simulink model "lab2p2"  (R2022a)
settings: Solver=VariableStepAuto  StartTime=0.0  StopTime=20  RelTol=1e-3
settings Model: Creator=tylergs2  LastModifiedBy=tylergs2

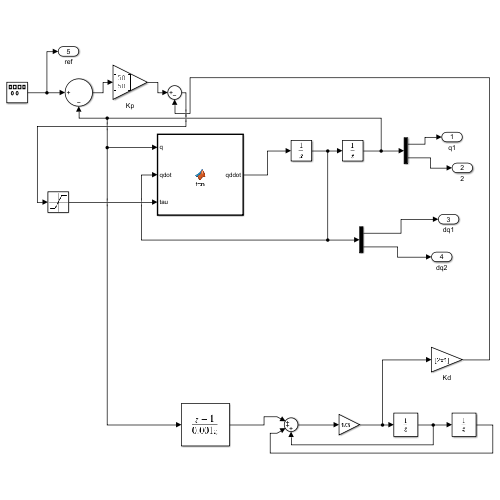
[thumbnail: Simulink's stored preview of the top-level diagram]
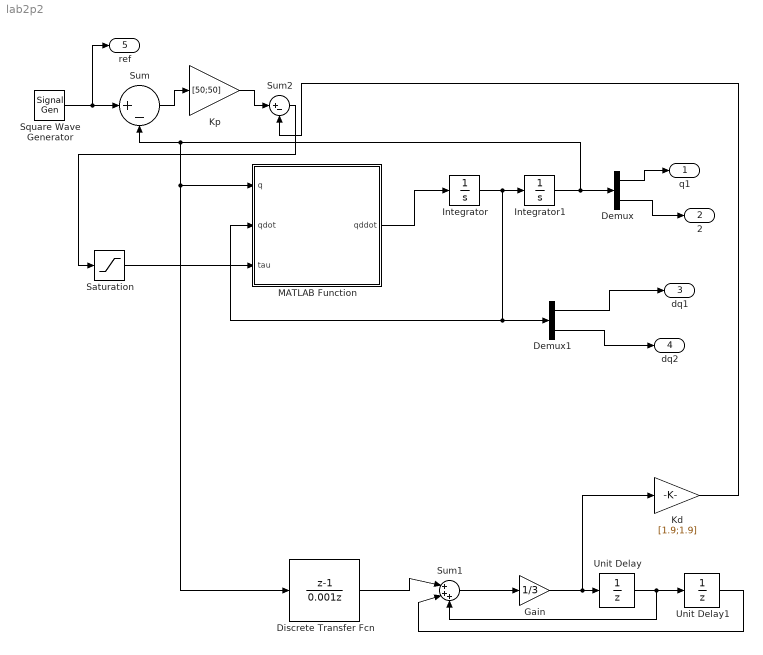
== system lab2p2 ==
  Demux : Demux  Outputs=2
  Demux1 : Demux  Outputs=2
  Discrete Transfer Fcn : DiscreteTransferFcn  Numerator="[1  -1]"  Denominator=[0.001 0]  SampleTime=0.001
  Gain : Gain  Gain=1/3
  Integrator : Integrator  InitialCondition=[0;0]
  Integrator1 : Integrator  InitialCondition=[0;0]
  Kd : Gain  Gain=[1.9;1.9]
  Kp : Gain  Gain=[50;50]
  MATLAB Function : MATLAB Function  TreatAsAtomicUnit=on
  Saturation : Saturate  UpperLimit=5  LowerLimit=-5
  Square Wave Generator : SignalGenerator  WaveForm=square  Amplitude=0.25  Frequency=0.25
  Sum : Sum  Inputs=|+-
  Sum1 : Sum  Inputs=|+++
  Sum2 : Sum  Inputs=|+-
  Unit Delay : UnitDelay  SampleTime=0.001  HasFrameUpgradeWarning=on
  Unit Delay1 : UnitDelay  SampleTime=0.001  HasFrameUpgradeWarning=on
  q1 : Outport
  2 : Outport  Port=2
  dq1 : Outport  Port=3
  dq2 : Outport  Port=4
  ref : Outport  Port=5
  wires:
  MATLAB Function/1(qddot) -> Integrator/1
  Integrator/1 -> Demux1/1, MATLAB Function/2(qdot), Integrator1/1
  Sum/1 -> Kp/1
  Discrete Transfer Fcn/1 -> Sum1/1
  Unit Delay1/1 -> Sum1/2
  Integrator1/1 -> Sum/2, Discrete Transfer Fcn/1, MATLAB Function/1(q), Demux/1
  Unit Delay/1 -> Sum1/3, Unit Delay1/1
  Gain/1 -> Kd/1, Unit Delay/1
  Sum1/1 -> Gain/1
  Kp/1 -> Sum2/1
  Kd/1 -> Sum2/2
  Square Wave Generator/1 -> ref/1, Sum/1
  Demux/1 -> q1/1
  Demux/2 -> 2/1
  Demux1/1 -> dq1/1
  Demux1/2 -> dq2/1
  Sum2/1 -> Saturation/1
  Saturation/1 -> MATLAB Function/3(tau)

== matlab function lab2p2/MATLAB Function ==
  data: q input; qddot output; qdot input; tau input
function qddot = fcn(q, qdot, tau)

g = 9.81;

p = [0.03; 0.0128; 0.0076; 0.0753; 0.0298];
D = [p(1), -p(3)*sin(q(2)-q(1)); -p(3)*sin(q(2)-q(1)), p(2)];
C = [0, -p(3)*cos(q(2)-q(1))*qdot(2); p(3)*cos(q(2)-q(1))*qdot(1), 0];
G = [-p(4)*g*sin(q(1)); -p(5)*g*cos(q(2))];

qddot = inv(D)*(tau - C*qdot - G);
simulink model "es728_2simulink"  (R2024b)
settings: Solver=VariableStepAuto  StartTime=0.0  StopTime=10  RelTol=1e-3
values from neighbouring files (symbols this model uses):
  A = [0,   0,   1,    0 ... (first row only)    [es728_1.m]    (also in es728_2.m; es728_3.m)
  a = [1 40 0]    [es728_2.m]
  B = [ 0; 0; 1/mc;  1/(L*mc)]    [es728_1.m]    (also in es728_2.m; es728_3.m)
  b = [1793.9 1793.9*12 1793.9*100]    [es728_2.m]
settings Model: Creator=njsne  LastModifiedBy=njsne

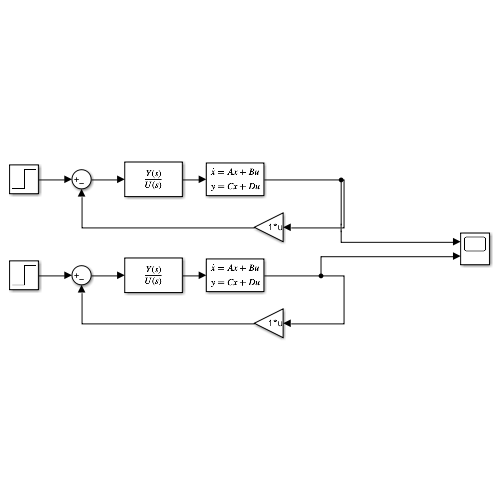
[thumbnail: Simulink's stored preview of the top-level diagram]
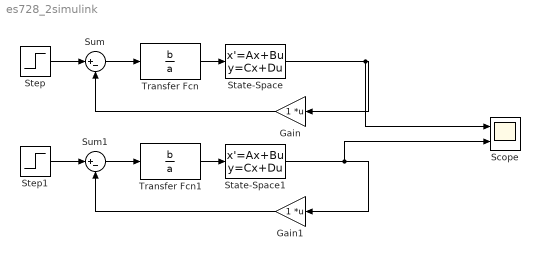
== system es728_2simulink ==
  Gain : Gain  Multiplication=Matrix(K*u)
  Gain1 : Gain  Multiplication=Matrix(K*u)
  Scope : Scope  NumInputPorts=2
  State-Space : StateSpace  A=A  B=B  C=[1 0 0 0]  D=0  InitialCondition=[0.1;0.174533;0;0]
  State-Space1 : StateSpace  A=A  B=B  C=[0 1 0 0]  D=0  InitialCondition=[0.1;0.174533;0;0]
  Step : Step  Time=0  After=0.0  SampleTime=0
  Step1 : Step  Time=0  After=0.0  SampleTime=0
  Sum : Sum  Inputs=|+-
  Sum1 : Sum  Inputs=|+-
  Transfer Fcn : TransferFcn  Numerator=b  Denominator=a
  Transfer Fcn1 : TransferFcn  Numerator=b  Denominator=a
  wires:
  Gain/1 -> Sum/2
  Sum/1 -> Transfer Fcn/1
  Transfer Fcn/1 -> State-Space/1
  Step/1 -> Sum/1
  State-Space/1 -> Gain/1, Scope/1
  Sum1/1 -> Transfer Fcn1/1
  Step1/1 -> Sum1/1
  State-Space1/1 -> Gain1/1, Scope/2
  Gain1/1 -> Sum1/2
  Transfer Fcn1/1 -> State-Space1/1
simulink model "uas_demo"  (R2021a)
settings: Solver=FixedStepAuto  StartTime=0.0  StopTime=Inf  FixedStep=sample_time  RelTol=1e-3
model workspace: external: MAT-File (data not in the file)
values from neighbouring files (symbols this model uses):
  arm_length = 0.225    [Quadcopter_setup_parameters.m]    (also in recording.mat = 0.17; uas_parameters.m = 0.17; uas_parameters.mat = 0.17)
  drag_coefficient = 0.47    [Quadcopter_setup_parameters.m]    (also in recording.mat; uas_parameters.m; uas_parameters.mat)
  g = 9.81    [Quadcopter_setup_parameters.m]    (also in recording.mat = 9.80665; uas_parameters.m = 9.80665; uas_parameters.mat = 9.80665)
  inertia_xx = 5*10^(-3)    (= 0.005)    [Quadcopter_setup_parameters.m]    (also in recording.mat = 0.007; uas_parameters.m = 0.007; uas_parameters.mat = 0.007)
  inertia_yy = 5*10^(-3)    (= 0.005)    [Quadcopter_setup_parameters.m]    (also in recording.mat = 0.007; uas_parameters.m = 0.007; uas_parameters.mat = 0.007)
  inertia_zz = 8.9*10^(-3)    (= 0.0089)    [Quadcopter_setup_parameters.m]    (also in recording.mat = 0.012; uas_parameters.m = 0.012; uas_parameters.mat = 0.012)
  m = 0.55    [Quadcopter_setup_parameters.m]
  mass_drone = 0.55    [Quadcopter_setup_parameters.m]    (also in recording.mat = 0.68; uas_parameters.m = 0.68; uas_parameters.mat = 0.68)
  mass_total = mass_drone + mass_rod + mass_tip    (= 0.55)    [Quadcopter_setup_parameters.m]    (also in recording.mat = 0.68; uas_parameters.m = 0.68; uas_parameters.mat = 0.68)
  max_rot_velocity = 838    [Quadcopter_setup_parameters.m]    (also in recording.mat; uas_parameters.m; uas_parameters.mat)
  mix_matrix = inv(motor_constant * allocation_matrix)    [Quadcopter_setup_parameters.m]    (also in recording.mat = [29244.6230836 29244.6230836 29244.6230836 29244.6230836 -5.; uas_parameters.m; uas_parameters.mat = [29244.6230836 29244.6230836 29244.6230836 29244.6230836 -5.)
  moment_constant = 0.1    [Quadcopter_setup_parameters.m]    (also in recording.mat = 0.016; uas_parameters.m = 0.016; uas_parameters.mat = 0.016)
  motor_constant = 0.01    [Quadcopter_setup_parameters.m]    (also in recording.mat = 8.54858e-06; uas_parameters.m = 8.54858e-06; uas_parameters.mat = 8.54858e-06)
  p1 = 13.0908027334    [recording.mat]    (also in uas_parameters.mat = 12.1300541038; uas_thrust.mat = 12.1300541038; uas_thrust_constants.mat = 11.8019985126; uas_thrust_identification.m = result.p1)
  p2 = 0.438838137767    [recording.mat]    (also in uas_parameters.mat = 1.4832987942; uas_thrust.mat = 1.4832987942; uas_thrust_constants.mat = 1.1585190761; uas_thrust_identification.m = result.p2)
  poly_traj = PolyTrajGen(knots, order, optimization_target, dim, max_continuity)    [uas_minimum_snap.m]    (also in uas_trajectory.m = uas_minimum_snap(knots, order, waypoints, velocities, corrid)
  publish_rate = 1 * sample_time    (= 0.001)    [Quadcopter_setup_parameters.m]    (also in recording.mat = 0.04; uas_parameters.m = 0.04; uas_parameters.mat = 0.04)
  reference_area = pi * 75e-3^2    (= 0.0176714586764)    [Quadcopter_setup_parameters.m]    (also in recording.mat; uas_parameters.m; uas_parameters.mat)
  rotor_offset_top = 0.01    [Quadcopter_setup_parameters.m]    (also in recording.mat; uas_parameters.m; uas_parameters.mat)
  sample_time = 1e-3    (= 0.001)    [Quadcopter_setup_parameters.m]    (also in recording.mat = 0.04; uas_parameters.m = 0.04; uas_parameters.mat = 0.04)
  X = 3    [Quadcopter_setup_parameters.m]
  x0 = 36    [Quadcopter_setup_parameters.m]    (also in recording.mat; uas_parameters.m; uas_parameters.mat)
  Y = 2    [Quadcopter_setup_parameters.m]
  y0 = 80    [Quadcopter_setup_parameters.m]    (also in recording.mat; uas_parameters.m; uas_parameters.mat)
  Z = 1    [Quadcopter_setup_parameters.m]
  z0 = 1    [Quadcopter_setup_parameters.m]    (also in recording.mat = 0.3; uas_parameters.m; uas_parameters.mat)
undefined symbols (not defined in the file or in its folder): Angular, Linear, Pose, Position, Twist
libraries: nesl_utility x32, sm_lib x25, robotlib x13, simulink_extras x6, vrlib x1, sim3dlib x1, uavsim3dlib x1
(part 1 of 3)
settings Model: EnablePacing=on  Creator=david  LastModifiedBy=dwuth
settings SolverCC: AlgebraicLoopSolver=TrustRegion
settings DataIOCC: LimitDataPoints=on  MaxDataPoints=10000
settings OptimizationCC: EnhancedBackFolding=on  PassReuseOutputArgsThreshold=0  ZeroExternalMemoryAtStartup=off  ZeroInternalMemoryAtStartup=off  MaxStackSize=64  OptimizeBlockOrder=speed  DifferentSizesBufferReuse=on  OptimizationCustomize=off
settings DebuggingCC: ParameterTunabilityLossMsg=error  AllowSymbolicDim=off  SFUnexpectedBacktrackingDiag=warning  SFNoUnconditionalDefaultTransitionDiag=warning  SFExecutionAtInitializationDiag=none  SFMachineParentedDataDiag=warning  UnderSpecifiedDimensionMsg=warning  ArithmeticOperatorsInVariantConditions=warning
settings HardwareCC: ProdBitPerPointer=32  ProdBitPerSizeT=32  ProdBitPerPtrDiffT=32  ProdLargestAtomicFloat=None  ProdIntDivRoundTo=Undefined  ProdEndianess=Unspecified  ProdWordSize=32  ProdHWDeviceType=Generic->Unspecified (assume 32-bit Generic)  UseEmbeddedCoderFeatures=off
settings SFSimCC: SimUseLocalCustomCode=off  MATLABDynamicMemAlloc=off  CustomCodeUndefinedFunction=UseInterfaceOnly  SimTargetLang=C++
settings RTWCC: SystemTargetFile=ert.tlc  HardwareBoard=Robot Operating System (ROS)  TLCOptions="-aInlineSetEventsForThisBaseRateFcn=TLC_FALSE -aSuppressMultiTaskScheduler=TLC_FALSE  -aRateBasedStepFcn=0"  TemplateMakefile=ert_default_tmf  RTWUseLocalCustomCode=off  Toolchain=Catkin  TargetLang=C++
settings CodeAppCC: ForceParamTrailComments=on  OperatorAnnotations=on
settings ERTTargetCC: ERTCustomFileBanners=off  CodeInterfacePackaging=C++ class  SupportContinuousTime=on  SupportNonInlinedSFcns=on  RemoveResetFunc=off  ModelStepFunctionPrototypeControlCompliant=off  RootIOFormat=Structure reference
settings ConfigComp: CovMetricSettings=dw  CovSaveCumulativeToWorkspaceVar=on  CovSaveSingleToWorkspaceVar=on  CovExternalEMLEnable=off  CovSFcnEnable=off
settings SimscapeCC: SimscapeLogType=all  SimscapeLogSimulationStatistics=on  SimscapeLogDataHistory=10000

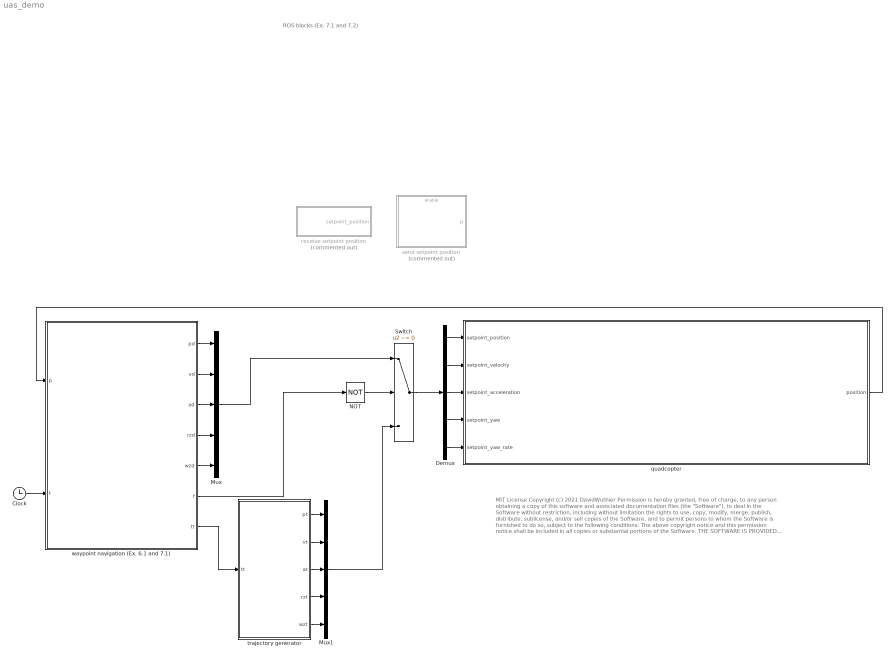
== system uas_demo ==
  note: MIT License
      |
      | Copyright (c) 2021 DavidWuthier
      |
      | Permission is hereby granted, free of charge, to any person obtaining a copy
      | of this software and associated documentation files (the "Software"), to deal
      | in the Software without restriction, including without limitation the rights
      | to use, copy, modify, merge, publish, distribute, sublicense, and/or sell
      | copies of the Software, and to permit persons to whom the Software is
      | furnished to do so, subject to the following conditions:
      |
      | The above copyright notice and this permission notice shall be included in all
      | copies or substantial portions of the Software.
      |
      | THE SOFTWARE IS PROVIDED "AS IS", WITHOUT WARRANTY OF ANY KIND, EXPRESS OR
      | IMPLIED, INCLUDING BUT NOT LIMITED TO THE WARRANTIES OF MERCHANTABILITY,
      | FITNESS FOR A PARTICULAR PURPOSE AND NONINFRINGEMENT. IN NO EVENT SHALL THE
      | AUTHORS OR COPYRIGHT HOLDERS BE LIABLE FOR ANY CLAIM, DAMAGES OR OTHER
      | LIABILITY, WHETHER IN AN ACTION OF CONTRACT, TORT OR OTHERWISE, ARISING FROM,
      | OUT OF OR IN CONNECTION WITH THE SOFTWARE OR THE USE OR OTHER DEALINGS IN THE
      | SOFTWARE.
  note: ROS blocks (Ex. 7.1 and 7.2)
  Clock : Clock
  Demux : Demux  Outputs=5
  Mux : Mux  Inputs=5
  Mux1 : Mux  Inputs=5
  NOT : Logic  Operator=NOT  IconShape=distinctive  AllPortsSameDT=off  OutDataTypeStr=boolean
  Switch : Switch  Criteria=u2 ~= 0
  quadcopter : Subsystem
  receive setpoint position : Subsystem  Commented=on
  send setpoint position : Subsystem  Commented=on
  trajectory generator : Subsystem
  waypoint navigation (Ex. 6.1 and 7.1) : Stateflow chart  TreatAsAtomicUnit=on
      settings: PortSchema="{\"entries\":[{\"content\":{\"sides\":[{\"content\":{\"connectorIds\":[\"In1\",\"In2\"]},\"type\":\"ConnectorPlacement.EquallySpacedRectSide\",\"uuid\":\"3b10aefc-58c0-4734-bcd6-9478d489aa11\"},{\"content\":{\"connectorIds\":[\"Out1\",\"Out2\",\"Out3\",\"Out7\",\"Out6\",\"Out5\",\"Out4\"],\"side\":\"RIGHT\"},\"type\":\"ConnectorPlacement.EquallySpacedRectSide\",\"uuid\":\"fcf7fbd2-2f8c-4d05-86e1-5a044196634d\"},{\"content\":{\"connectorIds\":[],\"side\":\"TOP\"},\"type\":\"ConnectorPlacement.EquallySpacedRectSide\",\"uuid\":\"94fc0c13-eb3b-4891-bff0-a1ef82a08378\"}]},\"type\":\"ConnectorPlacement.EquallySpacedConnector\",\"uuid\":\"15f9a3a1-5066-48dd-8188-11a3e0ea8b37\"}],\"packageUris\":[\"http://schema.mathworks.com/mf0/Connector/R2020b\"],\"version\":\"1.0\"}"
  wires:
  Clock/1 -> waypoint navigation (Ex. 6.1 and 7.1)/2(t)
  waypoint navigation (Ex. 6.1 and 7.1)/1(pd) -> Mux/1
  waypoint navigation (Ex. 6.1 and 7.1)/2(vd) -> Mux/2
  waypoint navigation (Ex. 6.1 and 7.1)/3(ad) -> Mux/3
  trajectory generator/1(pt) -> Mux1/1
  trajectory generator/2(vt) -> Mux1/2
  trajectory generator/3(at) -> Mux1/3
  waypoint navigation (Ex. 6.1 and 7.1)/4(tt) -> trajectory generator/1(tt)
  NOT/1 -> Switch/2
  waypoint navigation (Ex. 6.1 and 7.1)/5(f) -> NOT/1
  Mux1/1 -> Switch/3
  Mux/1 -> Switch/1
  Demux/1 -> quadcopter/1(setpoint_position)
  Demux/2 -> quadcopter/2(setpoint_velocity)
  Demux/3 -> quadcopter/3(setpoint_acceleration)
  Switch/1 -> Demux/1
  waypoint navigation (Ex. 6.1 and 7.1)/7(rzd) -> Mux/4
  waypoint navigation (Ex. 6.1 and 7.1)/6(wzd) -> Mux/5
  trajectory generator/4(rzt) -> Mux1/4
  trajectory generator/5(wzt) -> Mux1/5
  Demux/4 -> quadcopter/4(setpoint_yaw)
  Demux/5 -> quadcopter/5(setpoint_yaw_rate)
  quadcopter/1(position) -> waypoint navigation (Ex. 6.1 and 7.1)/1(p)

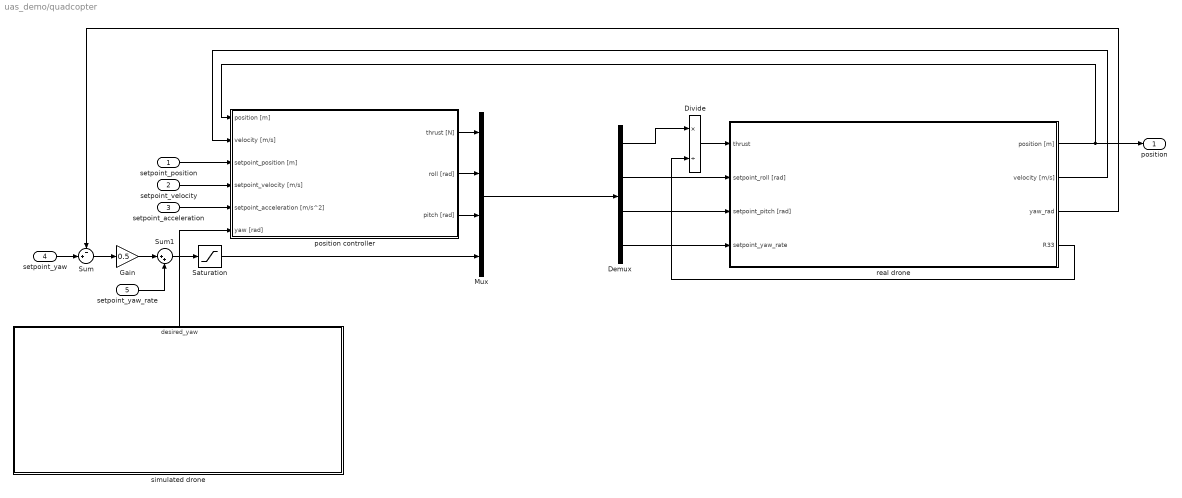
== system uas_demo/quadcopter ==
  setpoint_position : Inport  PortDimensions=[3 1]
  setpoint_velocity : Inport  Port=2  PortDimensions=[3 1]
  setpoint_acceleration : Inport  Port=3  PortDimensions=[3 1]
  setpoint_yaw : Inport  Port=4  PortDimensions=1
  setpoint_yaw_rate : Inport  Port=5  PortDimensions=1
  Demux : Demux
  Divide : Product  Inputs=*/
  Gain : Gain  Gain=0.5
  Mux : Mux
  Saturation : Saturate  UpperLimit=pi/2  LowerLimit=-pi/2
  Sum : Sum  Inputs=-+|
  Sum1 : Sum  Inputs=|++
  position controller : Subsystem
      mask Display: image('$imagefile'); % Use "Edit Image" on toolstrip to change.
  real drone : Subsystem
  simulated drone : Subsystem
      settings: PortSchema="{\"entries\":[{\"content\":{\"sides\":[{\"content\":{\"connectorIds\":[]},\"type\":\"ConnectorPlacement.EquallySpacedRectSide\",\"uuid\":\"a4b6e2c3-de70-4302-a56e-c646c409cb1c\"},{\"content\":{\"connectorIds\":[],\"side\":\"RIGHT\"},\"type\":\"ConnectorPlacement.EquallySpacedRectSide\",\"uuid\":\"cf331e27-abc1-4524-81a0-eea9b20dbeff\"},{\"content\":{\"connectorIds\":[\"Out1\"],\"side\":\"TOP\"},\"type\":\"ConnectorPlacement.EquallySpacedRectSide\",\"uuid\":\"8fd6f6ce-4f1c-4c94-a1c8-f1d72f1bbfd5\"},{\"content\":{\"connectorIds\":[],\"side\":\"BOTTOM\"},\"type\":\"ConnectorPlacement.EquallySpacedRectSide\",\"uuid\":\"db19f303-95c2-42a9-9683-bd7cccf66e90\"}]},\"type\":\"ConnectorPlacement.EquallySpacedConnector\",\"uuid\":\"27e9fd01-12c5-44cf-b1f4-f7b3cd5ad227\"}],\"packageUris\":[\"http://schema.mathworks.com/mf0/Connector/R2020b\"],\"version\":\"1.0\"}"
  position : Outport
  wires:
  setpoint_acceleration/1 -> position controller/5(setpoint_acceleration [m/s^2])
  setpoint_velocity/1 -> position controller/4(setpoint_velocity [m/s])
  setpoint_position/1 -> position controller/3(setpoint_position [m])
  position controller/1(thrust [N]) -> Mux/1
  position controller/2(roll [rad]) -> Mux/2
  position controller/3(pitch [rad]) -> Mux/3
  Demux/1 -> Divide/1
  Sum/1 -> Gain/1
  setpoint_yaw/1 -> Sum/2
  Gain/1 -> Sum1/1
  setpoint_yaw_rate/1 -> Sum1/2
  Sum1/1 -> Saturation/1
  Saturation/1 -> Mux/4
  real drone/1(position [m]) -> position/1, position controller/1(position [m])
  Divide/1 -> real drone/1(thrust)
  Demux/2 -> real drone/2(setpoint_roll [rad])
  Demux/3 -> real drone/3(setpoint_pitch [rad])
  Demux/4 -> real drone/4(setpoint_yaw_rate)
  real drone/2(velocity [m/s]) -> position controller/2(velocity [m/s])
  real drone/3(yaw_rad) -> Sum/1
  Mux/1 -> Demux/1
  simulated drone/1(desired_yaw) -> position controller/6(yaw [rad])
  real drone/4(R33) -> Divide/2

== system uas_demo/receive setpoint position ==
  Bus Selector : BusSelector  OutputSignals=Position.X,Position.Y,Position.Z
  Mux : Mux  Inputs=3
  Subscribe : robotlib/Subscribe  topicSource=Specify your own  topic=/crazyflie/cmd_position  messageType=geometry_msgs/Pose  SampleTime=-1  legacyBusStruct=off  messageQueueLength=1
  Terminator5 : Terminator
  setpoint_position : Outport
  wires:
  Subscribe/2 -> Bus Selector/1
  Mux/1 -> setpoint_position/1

★ ★ ★ ★ ★

◆ Directions for this task ◆
The lines from the start of the records above through the line that holds "Unit Delay1/1 -> Sum1/2" are to be copied exactly, both ends included, and no pictures are to be copied.

◆ Task result ◆
simulink model "lab2p2"  (R2022a)
settings: Solver=VariableStepAuto  StartTime=0.0  StopTime=20  RelTol=1e-3
settings Model: Creator=tylergs2  LastModifiedBy=tylergs2

[thumbnail: Simulink's stored preview of the top-level diagram]
== system lab2p2 ==
  Demux : Demux  Outputs=2
  Demux1 : Demux  Outputs=2
  Discrete Transfer Fcn : DiscreteTransferFcn  Numerator="[1  -1]"  Denominator=[0.001 0]  SampleTime=0.001
  Gain : Gain  Gain=1/3
  Integrator : Integrator  InitialCondition=[0;0]
  Integrator1 : Integrator  InitialCondition=[0;0]
  Kd : Gain  Gain=[1.9;1.9]
  Kp : Gain  Gain=[50;50]
  MATLAB Function : MATLAB Function  TreatAsAtomicUnit=on
  Saturation : Saturate  UpperLimit=5  LowerLimit=-5
  Square Wave Generator : SignalGenerator  WaveForm=square  Amplitude=0.25  Frequency=0.25
  Sum : Sum  Inputs=|+-
  Sum1 : Sum  Inputs=|+++
  Sum2 : Sum  Inputs=|+-
  Unit Delay : UnitDelay  SampleTime=0.001  HasFrameUpgradeWarning=on
  Unit Delay1 : UnitDelay  SampleTime=0.001  HasFrameUpgradeWarning=on
  q1 : Outport
  2 : Outport  Port=2
  dq1 : Outport  Port=3
  dq2 : Outport  Port=4
  ref : Outport  Port=5
  wires:
  MATLAB Function/1(qddot) -> Integrator/1
  Integrator/1 -> Demux1/1, MATLAB Function/2(qdot), Integrator1/1
  Sum/1 -> Kp/1
  Discrete Transfer Fcn/1 -> Sum1/1
  Unit Delay1/1 -> Sum1/2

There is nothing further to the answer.